I began to avoid others for fear that bitter arguments would arise. I sought support from one of the few people who seemed tolerant of my conservative views despite disagreeing with them. But after I told one friend that I planned to vote for Donald Trump in the election, I was attacked more strongly than before. One student said I shouldn’t travel back home to vote by jokingly saying, “Trump will win anyway, you can stay at Princeton.” I had another fellow student, who I had never spoken to, approach me on the street and flip me off while yelling “Fuck you Trumpy!” On election night, I received a text from a friend asking me to come hang out with him in a lounge near my dorm. Upon my arrival, people, who I had never met, screamed such profanities as “Get the fuck out” and “We don’t want you here!” I never imagined I would be attacked for holding a different set of values.
Based on my experience with fellow students in my first semester, I know that the Princeton community is not always as welcoming or supportive as it pretends to be. Sometimes, it is an environment that only welcomes elite progressives. If you fall outside that group, you can be labeled an “idiot, uninformed, and irresponsible” person, as some of my peers did to me. Ostracizing others for their opinions instead of engaging with them in the spirit of open dialogue and truth-seeking directly undermines the mission of the university, and by extension, undermines being a true Princetonian.
Shunning members of the Princeton community, simply on the basis of their beliefs, threatens the very ethos of being a Princetonian by precluding our collective pursuit of knowledge. How can we learn from each other as a community if we cannot communicate civilly?
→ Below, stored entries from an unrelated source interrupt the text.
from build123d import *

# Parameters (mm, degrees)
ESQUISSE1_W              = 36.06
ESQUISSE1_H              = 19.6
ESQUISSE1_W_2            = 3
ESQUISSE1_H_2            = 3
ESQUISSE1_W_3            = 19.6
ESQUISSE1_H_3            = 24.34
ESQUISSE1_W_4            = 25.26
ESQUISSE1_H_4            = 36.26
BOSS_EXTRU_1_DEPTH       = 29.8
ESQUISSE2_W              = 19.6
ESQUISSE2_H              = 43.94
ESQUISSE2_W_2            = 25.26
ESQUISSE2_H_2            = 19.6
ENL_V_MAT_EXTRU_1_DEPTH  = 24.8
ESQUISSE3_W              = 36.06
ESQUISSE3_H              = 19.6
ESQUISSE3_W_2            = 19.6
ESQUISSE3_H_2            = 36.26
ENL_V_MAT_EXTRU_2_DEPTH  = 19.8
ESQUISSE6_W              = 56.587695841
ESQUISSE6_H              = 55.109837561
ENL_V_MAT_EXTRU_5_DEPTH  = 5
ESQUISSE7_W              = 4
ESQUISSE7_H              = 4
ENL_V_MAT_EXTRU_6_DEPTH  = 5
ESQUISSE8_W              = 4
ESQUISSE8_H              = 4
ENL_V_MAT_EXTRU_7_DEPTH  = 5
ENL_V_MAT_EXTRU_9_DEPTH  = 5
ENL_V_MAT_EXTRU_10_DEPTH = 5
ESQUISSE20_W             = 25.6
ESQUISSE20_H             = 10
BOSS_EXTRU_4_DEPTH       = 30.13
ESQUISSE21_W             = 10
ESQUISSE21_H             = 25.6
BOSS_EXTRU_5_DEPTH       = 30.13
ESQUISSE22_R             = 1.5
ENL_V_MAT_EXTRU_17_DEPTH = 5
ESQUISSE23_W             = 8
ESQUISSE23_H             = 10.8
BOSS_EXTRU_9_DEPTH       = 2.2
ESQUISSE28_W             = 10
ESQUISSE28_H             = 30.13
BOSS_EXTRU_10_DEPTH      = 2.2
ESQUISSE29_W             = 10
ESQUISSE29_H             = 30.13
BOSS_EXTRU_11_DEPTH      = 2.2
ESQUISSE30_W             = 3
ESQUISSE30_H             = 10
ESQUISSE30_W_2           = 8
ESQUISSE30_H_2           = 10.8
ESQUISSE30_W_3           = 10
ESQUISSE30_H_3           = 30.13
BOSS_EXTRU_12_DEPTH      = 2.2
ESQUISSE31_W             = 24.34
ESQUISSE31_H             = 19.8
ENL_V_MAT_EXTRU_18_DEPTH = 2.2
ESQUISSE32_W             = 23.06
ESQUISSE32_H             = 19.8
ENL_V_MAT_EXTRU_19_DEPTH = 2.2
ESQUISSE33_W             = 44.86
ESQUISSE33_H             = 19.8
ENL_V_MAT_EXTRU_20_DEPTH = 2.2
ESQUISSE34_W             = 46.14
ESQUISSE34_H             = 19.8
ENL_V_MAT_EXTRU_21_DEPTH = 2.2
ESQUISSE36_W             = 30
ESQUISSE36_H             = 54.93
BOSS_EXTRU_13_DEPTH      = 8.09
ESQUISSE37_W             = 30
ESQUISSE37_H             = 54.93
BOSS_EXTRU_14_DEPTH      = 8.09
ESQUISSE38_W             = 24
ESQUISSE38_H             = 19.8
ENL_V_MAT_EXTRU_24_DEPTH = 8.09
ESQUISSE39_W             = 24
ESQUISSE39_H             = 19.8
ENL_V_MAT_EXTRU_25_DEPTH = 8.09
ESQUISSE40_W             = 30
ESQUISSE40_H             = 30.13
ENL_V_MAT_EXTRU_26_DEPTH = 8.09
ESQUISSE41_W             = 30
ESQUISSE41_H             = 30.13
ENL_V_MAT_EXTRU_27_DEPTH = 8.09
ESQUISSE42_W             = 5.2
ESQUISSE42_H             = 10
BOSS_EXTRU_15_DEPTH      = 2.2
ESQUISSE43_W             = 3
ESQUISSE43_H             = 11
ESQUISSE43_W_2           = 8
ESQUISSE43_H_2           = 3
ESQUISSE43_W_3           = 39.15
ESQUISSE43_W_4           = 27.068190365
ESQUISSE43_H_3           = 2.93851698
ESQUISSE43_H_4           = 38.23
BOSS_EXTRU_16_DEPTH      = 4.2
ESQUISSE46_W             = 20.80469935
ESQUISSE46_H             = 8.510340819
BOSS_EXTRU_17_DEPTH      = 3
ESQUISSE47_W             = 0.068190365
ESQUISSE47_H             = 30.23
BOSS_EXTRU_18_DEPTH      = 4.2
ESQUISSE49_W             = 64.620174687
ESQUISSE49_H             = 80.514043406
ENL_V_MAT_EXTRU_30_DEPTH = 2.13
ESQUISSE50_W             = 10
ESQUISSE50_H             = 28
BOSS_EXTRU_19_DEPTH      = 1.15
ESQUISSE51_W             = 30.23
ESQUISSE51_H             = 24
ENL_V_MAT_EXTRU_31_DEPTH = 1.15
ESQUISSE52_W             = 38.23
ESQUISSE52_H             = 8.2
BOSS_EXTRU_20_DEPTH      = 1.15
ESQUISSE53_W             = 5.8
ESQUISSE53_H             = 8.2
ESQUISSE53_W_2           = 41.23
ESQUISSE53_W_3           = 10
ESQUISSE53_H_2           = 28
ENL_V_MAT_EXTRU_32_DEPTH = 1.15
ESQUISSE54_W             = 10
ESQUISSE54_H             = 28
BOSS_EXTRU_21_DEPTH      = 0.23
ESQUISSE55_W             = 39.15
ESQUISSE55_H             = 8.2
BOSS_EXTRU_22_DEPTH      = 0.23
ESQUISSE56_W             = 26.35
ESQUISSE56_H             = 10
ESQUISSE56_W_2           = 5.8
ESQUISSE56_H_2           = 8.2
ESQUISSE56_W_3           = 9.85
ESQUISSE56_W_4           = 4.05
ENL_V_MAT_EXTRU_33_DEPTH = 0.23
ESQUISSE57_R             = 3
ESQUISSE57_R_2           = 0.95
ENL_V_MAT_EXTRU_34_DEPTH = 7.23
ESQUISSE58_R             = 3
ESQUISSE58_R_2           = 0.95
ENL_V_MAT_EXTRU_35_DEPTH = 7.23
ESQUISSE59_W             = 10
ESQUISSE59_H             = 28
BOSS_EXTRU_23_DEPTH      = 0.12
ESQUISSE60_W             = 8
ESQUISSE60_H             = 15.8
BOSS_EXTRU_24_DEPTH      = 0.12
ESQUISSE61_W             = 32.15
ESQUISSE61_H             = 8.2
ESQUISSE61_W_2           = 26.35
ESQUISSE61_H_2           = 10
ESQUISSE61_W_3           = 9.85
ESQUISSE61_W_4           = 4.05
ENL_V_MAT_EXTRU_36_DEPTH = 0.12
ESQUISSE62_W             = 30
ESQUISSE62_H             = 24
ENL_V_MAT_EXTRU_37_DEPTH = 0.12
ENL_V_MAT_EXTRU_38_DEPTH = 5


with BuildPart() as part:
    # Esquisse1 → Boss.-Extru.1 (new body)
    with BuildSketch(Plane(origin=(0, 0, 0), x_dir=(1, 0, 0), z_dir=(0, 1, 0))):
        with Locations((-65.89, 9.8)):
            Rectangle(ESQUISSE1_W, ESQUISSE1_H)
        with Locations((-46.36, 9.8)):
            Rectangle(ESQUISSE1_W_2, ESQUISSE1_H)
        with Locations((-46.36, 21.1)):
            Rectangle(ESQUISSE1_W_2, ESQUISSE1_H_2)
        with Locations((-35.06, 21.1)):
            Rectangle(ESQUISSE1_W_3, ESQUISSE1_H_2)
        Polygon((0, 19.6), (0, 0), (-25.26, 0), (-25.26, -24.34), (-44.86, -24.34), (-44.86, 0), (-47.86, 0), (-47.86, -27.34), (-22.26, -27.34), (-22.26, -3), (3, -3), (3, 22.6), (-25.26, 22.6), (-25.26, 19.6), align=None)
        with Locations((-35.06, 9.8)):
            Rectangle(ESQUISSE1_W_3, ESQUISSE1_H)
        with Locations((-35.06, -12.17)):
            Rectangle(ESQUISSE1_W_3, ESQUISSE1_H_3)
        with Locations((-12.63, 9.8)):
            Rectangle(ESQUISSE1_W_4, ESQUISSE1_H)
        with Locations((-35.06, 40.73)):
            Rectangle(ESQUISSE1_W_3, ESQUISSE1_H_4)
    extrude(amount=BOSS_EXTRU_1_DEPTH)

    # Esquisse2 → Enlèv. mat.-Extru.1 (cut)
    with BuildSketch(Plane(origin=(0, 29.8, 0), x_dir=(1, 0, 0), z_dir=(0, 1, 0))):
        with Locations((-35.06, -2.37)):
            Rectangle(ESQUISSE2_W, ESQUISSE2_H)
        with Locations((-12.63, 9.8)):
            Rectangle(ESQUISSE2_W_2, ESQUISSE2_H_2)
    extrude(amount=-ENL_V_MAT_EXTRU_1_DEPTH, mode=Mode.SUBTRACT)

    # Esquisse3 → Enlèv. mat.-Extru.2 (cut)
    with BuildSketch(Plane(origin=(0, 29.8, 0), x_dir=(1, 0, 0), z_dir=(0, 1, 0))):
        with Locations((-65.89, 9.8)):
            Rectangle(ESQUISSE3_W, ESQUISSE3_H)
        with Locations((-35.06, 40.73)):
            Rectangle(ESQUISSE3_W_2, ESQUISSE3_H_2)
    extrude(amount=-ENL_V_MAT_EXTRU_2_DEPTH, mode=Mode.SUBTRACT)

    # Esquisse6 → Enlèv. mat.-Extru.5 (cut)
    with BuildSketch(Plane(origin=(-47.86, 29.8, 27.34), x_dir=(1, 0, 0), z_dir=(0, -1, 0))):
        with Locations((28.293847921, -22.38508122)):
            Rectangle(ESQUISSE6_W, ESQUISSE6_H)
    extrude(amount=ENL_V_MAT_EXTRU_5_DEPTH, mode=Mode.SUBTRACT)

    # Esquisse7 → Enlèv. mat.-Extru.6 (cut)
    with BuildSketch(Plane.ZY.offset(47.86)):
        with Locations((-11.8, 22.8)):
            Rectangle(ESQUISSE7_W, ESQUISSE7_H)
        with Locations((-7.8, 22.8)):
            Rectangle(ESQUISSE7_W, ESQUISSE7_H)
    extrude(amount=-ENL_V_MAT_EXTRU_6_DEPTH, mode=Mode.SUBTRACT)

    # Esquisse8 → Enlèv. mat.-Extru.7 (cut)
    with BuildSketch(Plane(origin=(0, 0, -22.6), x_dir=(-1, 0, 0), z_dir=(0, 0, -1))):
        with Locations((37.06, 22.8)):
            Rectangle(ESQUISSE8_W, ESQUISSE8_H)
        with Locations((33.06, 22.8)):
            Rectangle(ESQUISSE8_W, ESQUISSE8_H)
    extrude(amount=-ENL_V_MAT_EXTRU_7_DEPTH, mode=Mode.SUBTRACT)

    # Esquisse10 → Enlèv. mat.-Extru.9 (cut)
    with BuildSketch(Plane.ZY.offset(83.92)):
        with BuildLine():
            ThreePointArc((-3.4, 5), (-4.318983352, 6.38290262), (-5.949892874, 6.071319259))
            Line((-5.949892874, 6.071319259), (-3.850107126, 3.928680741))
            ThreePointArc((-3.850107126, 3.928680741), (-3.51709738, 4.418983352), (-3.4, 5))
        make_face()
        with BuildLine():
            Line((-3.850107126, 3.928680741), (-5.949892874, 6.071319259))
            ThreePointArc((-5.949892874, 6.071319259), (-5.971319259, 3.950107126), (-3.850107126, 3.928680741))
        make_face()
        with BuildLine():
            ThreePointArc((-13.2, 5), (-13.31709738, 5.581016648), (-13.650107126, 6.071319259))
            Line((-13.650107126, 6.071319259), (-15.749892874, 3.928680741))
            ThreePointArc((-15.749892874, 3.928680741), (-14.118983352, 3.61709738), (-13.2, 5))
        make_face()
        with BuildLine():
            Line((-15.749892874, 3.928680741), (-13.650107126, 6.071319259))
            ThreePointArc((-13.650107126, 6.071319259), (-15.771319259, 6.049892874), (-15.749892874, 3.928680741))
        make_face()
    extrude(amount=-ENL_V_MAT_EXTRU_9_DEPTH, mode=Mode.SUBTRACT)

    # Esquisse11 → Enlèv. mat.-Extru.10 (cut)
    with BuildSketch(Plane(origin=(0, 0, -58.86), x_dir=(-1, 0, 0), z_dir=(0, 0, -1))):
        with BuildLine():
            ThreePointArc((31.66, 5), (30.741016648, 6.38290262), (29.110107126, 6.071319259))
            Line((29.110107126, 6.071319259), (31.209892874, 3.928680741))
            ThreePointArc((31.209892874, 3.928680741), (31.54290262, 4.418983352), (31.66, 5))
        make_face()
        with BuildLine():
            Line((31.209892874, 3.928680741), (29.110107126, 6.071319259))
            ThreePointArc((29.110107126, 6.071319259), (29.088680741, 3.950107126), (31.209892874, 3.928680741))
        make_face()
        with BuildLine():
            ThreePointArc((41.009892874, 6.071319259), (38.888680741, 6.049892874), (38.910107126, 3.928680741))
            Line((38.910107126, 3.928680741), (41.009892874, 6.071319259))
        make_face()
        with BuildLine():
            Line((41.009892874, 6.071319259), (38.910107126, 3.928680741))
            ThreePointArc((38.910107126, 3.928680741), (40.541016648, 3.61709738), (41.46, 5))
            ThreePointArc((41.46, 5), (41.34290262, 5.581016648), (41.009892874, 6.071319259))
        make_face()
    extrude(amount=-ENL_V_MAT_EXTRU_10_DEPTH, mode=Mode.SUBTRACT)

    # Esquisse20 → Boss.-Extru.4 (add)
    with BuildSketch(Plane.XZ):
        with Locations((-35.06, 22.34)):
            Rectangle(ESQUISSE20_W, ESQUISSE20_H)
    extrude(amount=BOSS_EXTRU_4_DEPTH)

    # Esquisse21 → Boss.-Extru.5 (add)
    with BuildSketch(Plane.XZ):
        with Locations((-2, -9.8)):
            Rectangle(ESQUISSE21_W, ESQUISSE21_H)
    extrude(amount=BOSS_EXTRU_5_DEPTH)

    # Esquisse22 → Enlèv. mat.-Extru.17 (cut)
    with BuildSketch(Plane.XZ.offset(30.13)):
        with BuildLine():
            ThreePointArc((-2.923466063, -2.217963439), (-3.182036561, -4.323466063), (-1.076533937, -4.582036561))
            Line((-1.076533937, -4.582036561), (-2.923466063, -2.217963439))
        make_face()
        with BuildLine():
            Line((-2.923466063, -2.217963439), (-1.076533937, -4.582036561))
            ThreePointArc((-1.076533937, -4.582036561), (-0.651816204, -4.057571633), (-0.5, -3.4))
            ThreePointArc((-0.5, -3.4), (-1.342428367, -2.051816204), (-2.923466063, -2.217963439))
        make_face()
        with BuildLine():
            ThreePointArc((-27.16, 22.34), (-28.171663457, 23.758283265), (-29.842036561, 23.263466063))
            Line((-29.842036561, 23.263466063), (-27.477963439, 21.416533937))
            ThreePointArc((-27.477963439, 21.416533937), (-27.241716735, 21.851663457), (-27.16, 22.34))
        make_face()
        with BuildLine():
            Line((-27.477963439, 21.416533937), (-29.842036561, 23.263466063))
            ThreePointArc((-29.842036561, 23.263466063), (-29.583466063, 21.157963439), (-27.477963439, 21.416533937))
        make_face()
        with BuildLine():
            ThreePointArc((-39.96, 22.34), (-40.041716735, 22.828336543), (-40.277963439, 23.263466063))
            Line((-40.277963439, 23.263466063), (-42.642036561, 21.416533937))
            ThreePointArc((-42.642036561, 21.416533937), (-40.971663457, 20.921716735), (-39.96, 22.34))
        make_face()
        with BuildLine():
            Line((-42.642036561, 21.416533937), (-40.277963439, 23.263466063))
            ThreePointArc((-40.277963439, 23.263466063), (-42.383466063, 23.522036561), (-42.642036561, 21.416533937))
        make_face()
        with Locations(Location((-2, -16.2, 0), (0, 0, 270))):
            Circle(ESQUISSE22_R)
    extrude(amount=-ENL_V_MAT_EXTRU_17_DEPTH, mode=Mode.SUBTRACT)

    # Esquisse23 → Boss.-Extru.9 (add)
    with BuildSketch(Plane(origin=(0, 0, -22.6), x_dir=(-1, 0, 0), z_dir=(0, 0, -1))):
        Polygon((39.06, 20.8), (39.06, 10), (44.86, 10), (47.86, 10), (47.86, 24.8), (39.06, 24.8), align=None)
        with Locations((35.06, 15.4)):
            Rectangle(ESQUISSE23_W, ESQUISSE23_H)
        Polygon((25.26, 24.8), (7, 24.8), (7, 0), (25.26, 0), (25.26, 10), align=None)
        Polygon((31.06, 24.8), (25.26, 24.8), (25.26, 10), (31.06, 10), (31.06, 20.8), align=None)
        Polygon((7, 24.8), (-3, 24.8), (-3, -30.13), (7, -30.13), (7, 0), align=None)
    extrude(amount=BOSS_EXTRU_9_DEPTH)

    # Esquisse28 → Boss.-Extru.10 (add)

By invalidating conservative points of view, our campus culture undermines its truth-seeking mission– the echo chambers we build prevent us from seeking viewpoints beyond our own. If Princeton values diversity of thought, and the community claims to support that, then freshmen should apply that same value to their personal interactions.
The good news in my case is that, regardless of the struggles I may have endured in the first semester, I have found my own Princeton community. Members of the Tory have really made Princeton feel like home again. They are always willing to sit down and offer me some upperclassman advice or just chat. Not only has the Tory provided me with a fulfilling community, but the people I’ve met this semester in my courses engage in dialogue with me without devaluing me. I urge anyone who feels alone and cast out by the Princeton community, like I was, to remember you are not alone and don’t lose your spark.